RECORD EXTRACTS:
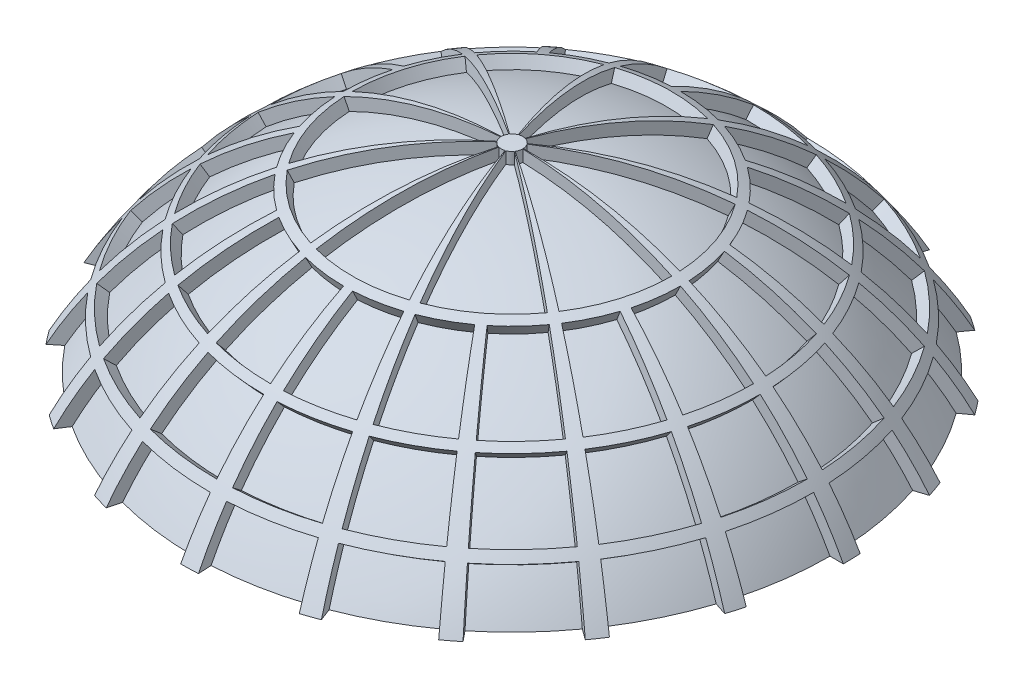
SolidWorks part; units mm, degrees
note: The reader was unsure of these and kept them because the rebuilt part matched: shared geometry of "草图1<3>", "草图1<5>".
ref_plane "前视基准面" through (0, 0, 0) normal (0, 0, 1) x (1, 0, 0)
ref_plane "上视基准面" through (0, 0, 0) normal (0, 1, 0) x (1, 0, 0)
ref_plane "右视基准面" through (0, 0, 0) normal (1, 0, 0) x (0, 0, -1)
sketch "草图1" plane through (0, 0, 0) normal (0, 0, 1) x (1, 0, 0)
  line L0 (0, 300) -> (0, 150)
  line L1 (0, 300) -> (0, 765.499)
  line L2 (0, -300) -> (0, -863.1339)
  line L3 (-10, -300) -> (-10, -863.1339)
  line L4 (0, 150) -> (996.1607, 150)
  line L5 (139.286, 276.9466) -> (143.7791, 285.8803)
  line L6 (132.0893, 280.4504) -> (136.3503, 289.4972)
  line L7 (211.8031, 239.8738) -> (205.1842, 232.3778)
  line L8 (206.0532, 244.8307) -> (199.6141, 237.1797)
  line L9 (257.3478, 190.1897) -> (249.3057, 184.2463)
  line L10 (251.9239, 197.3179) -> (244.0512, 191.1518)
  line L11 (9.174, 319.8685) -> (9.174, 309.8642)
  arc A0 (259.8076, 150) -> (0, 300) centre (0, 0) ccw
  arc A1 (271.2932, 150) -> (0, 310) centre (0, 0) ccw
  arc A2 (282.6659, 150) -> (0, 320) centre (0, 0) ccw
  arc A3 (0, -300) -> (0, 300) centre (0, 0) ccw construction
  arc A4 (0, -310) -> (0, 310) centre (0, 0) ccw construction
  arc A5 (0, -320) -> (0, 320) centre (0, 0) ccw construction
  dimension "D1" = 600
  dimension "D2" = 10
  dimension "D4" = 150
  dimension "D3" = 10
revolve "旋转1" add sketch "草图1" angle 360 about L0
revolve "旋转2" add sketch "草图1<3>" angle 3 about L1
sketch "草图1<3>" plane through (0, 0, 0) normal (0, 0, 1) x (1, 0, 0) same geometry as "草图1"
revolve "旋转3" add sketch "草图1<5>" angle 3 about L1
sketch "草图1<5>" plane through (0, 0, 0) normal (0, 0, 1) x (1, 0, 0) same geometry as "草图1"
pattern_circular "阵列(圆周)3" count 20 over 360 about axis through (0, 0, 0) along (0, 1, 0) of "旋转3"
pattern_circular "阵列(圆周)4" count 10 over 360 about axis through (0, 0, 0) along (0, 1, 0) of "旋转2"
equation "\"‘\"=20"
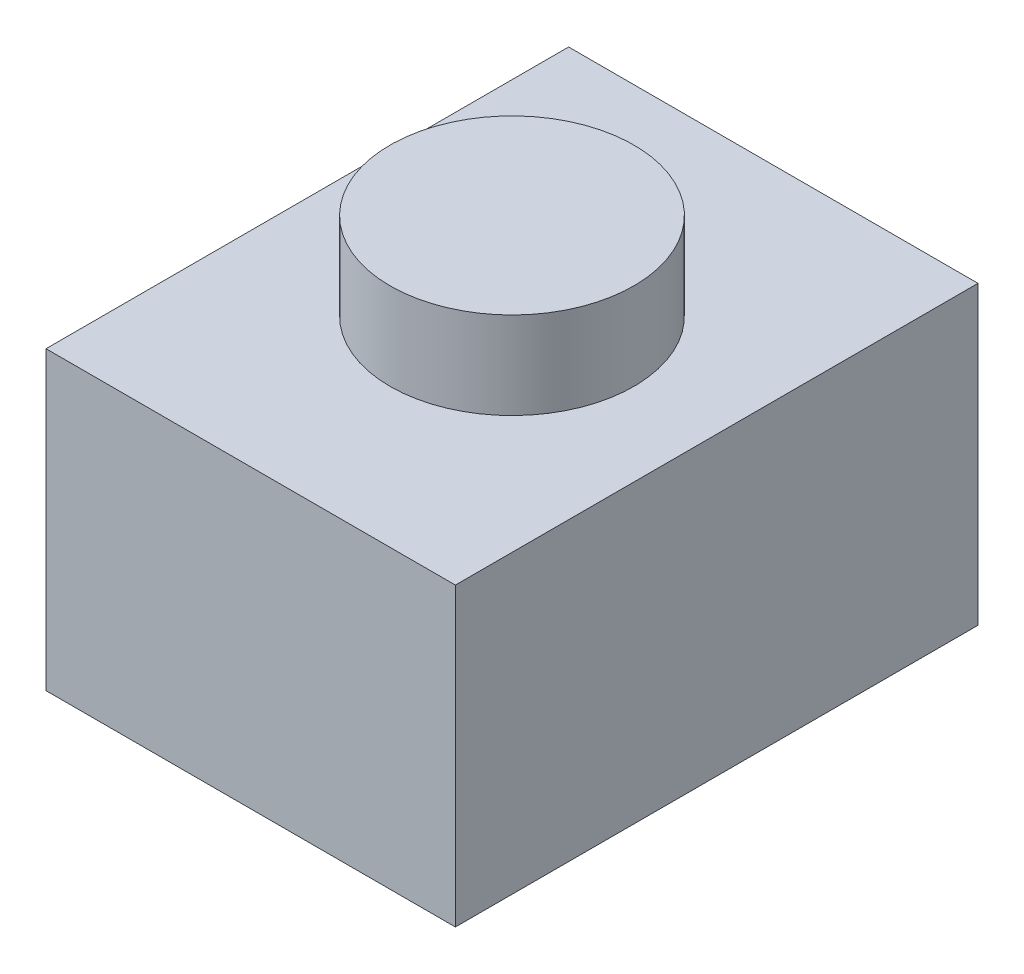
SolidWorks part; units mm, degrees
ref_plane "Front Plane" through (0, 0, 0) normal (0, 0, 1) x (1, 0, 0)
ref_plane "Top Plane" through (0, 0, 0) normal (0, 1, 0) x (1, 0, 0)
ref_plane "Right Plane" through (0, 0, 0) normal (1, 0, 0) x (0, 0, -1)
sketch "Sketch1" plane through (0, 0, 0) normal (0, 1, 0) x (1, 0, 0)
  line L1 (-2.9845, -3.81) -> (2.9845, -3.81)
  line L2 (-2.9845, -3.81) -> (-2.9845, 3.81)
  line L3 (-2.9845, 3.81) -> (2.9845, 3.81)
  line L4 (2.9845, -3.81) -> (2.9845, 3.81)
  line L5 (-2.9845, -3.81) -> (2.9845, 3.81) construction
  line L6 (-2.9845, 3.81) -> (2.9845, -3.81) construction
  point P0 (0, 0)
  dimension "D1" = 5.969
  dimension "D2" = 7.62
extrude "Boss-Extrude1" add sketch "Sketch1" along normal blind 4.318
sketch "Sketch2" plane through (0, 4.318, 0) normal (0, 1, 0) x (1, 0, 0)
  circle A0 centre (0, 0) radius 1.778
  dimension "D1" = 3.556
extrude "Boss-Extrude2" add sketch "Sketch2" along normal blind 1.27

WORK ORDER:
Would you copy all lines in the records where the string "revolve" appears?

ANSWER SPACE:
revolve "旋转1" add sketch "草图1" angle 360 about L0
revolve "旋转2" add sketch "草图1<3>" angle 3 about L1
revolve "旋转3" add sketch "草图1<5>" angle 3 about L1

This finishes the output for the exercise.